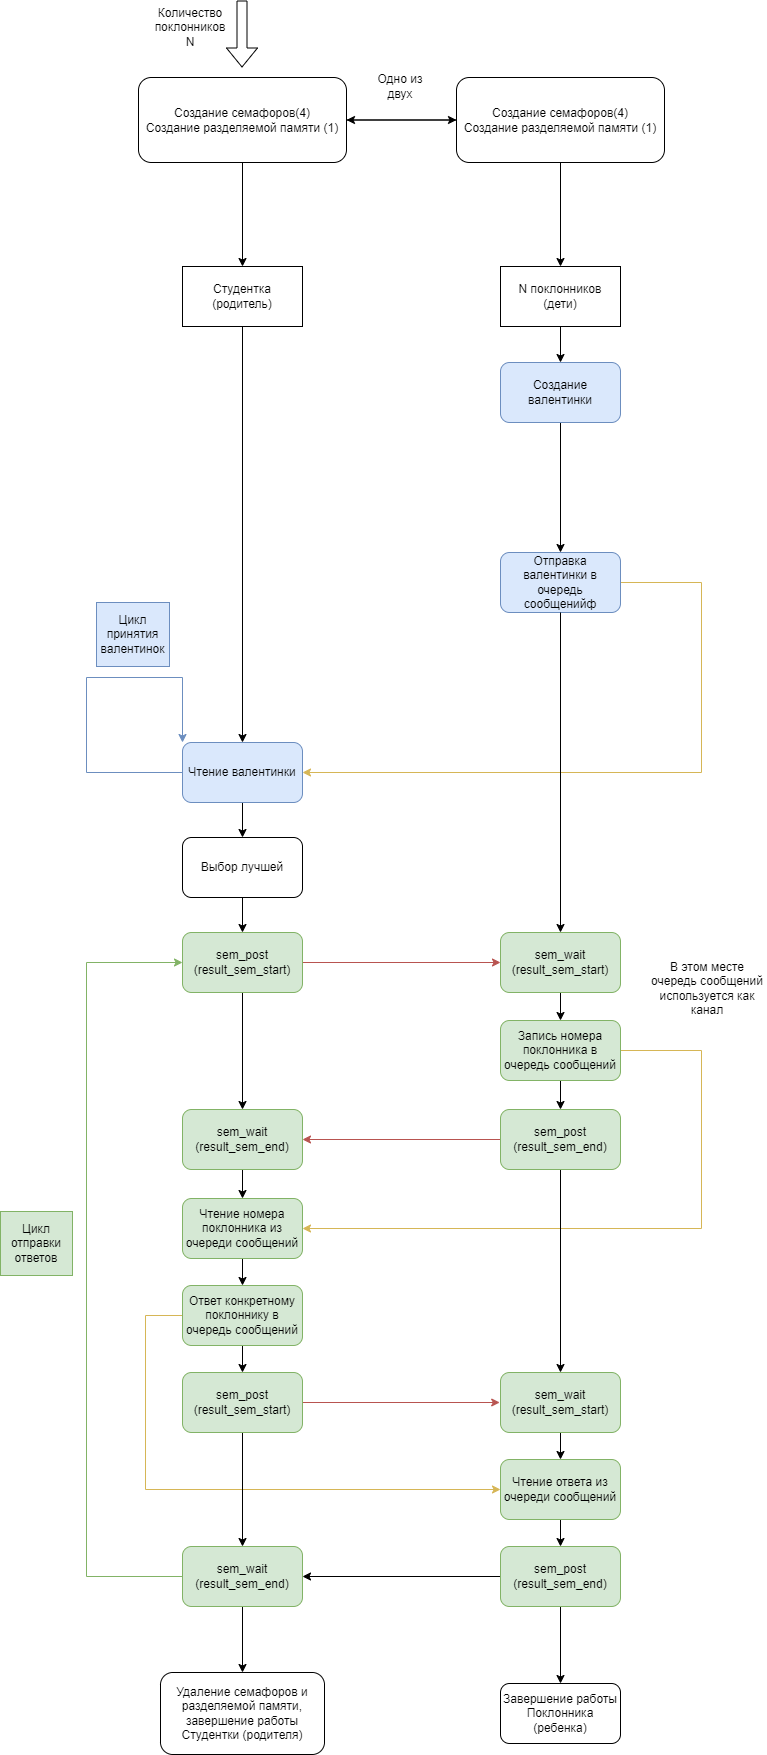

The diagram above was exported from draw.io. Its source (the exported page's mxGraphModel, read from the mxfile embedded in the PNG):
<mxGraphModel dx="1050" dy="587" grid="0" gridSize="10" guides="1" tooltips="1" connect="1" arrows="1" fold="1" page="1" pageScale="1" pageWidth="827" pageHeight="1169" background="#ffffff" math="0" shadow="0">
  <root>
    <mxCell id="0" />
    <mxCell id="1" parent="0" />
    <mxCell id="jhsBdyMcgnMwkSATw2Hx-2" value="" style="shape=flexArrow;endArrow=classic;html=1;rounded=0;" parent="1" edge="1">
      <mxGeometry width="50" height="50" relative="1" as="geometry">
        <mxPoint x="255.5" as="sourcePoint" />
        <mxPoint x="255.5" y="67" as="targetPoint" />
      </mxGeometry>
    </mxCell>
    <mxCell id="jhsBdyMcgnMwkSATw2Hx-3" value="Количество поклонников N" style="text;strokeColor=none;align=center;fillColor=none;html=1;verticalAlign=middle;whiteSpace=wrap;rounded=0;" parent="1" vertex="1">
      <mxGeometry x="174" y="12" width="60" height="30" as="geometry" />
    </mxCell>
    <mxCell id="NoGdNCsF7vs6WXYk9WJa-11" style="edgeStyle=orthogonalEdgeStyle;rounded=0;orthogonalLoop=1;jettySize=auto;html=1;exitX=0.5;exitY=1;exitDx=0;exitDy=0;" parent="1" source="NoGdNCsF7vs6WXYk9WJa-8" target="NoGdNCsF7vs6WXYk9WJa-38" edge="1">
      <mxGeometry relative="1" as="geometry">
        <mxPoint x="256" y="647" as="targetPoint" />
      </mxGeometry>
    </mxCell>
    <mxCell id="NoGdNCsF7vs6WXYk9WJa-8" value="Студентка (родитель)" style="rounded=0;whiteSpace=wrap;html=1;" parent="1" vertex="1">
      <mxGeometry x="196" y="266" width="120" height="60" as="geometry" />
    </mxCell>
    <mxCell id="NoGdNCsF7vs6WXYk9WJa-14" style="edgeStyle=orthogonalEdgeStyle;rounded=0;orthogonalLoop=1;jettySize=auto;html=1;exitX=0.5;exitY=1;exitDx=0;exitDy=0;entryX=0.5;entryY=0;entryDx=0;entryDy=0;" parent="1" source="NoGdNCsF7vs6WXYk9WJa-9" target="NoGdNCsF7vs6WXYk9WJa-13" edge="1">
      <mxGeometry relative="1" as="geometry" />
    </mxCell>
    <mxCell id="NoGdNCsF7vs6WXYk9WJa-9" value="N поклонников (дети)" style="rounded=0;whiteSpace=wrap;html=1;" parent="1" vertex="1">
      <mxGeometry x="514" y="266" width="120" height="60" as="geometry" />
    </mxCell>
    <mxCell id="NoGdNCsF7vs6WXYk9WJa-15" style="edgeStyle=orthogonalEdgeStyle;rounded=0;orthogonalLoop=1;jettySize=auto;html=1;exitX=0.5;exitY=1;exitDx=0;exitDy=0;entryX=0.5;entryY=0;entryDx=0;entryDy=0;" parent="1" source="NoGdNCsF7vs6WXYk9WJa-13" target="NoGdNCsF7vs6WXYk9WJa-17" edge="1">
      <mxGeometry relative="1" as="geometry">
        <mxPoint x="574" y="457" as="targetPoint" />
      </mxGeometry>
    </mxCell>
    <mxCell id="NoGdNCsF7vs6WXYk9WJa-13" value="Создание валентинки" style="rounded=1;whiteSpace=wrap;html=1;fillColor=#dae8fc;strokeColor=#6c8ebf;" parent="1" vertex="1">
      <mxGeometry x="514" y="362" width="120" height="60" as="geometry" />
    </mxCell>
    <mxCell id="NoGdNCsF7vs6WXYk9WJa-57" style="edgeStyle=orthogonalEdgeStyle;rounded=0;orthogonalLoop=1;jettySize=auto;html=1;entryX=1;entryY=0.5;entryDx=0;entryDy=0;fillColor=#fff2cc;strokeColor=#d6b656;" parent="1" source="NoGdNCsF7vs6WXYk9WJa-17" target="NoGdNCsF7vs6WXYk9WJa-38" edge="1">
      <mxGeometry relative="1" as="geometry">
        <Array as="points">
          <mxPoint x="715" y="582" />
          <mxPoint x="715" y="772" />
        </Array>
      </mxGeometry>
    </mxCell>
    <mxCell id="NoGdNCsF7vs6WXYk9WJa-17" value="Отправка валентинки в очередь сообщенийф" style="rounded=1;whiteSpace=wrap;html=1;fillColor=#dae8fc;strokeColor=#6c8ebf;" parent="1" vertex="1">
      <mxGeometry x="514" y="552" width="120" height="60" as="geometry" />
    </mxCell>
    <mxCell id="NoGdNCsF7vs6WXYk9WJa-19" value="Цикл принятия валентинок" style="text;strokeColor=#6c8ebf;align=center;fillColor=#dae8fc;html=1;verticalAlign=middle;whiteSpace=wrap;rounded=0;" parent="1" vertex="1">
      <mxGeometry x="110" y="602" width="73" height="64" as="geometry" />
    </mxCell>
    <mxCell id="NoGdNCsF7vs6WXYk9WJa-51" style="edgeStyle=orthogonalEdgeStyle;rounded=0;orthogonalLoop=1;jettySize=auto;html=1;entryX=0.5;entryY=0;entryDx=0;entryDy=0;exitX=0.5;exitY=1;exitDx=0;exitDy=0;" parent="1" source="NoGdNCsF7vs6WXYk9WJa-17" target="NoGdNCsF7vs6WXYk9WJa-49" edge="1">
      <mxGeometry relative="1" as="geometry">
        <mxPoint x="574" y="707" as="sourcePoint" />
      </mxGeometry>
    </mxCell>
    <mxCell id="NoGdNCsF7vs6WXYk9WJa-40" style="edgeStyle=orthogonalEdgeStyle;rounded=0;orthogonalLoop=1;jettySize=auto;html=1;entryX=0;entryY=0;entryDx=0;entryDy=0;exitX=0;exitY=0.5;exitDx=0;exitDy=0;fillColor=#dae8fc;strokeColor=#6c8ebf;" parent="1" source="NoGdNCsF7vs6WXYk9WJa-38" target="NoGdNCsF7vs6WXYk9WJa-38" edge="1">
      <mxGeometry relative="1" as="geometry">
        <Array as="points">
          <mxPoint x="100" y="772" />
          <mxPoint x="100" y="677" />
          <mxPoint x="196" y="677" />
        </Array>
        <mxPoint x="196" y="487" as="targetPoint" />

◆ **Exercise**: Pick from the records each line that contains the word "entryX" and show it.

◆ **Task solution**:
    <mxCell id="NoGdNCsF7vs6WXYk9WJa-14" style="edgeStyle=orthogonalEdgeStyle;rounded=0;orthogonalLoop=1;jettySize=auto;html=1;exitX=0.5;exitY=1;exitDx=0;exitDy=0;entryX=0.5;entryY=0;entryDx=0;entryDy=0;" parent="1" source="NoGdNCsF7vs6WXYk9WJa-9" target="NoGdNCsF7vs6WXYk9WJa-13" edge="1">
    <mxCell id="NoGdNCsF7vs6WXYk9WJa-15" style="edgeStyle=orthogonalEdgeStyle;rounded=0;orthogonalLoop=1;jettySize=auto;html=1;exitX=0.5;exitY=1;exitDx=0;exitDy=0;entryX=0.5;entryY=0;entryDx=0;entryDy=0;" parent="1" source="NoGdNCsF7vs6WXYk9WJa-13" target="NoGdNCsF7vs6WXYk9WJa-17" edge="1">
    <mxCell id="NoGdNCsF7vs6WXYk9WJa-57" style="edgeStyle=orthogonalEdgeStyle;rounded=0;orthogonalLoop=1;jettySize=auto;html=1;entryX=1;entryY=0.5;entryDx=0;entryDy=0;fillColor=#fff2cc;strokeColor=#d6b656;" parent="1" source="NoGdNCsF7vs6WXYk9WJa-17" target="NoGdNCsF7vs6WXYk9WJa-38" edge="1">
    <mxCell id="NoGdNCsF7vs6WXYk9WJa-51" style="edgeStyle=orthogonalEdgeStyle;rounded=0;orthogonalLoop=1;jettySize=auto;html=1;entryX=0.5;entryY=0;entryDx=0;entryDy=0;exitX=0.5;exitY=1;exitDx=0;exitDy=0;" parent="1" source="NoGdNCsF7vs6WXYk9WJa-17" target="NoGdNCsF7vs6WXYk9WJa-49" edge="1">
    <mxCell id="NoGdNCsF7vs6WXYk9WJa-40" style="edgeStyle=orthogonalEdgeStyle;rounded=0;orthogonalLoop=1;jettySize=auto;html=1;entryX=0;entryY=0;entryDx=0;entryDy=0;exitX=0;exitY=0.5;exitDx=0;exitDy=0;fillColor=#dae8fc;strokeColor=#6c8ebf;" parent="1" source="NoGdNCsF7vs6WXYk9WJa-38" target="NoGdNCsF7vs6WXYk9WJa-38" edge="1">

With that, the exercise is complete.